These two enzymes complete the transport of fatty acids into mitochondria
where they are oxidized and thus utilized for energy. In CPT II
deficiency and translocase deficiency the fatty acylcarnitine
produced from the extramitochondrial fatty acids by CPT I cannot
be transported and converted into utilizable fuel in the mitochondrial
matrix. Consequently, there is decreased tolerance for fasting
or any hypglycemia state wherein energy must be supplied from
fats. Death during a metabolic crisis can ensue.
History and Examination
The infant and parent(s) must be seen within the next day or two
following notfication from the newborn screening lab. A METABOLIC
PHYSICIAN MUST BE CONSULTED.
History
For CPT II deficiency the infant may have a normal history.

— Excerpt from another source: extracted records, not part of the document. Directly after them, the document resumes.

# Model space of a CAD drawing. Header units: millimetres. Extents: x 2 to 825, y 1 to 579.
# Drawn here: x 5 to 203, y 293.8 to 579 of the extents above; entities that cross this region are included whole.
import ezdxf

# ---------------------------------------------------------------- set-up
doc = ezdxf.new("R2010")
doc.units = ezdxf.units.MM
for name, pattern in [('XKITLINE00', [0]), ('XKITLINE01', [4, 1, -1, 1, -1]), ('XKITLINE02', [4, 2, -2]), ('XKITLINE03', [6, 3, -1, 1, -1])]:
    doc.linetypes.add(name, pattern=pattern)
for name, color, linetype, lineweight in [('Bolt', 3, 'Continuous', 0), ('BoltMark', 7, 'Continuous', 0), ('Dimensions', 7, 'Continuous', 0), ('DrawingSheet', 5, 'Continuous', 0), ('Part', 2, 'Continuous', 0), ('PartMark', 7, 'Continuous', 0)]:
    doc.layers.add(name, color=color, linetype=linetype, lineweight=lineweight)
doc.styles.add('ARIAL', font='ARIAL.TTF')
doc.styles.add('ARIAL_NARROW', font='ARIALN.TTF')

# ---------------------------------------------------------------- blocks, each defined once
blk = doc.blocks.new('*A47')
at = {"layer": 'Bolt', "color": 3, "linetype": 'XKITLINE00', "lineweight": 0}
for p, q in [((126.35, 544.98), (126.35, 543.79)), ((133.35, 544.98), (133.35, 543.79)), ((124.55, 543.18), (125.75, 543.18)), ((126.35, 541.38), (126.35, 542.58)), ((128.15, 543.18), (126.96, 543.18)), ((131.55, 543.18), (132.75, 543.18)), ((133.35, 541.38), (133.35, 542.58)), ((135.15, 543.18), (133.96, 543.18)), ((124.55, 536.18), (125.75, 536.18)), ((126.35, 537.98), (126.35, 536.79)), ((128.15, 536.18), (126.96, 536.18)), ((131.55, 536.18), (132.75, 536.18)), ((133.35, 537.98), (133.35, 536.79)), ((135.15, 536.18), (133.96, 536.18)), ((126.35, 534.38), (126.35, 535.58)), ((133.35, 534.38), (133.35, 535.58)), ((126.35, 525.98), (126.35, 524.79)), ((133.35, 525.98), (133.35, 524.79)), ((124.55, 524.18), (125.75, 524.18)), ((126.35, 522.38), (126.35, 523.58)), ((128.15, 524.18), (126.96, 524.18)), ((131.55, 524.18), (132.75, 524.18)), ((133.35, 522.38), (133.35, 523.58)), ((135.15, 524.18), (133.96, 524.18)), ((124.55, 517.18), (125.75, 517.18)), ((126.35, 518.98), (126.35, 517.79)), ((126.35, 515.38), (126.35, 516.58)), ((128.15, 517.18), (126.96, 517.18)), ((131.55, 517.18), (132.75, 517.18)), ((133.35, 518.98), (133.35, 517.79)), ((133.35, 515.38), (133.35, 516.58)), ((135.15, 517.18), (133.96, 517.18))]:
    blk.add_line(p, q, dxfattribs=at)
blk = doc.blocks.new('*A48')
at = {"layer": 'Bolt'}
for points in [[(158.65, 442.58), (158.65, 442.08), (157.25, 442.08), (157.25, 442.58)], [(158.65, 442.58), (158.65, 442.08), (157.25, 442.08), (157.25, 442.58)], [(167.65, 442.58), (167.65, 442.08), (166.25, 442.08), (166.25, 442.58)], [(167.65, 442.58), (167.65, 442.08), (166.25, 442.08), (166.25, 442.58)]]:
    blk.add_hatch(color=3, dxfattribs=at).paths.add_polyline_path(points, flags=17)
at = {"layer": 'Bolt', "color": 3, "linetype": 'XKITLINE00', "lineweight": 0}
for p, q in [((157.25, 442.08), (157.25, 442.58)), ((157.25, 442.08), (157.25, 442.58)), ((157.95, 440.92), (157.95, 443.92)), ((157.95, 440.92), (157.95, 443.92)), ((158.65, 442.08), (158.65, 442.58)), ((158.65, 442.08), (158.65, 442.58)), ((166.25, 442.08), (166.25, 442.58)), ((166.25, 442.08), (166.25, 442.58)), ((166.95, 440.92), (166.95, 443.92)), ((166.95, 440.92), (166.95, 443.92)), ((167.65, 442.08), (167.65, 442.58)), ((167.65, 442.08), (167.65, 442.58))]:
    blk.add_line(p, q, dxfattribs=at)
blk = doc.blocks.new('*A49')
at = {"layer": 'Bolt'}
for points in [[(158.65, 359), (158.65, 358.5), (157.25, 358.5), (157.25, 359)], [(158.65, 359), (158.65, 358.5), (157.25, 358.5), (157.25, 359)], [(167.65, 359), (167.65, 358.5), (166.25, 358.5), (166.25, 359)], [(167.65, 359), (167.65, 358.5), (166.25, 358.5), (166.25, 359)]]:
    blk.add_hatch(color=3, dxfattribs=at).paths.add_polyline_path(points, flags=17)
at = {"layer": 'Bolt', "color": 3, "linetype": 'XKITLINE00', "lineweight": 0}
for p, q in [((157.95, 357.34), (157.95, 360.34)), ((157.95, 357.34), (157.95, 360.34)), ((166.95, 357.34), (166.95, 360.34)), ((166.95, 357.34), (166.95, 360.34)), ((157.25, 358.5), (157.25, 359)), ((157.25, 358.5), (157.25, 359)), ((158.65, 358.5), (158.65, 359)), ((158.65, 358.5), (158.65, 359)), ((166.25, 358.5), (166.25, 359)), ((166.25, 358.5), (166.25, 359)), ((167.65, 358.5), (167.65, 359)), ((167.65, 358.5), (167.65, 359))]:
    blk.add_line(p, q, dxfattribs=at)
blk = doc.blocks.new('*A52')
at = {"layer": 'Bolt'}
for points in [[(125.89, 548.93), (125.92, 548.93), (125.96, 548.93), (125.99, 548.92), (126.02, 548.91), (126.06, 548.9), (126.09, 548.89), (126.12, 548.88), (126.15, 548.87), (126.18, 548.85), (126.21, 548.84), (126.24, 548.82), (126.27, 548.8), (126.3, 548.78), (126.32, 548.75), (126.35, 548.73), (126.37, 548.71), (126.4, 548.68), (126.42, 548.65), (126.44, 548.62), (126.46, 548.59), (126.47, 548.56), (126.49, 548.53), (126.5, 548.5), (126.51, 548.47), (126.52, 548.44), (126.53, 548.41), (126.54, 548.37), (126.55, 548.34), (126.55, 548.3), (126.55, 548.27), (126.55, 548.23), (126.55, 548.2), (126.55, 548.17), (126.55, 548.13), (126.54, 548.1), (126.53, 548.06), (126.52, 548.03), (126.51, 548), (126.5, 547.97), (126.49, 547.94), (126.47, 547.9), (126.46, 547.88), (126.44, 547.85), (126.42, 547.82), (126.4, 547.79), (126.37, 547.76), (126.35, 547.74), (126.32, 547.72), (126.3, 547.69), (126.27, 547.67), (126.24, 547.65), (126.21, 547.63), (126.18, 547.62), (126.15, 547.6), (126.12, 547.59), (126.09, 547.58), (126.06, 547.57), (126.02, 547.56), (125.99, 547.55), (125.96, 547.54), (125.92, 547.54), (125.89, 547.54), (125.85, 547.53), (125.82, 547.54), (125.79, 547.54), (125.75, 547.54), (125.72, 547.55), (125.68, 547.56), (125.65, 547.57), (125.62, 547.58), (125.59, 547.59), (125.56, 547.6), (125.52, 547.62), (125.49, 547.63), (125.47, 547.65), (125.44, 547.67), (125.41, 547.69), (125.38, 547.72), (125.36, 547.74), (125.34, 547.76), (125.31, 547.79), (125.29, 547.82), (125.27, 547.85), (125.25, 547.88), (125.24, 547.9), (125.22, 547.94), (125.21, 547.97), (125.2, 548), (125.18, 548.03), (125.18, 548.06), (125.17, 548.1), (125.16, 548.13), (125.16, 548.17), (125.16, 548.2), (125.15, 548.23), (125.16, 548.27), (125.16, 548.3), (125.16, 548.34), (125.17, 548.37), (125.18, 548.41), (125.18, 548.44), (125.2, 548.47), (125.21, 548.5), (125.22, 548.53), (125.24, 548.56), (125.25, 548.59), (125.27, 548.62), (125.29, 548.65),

In the neonatal form of CPT II deficiency and CT deficiency, there
is a history of neonatal lethargy, cardiomyopathy, seizures or
coma. Since both of these conditions are autosomal recessive genetic
disorders, there is a 25% chance that sibs of the identified infant
may also have CPT II deficiency or translocase deficiency. A family
history of other children becoming seriously ill particularly
with liver failure, hypertrophic cardiomyopathy, arrhythmias or
sudden death is very significant. CPT II deficiency has neonatal, infantile
and adult onset varients.
Examination
The infant may appear entirely well. neonatal signs may include dysmorphic
features, renal dysplasia, neurocortical defects, respiratory
distress, hypoglycemia, seizures, hepatomegaly, arrhythmais and
cardiomegaly. Laboratory findings during neonatal illness include
hypoglycemia, metabolic acidosis, marked hyperammonemia and low
free & total carnitine. Mortality is very high for neonatal
onset cases. ANY signs of illness must be treated as a
medical emergancy and treated immediately by a metabolic physician.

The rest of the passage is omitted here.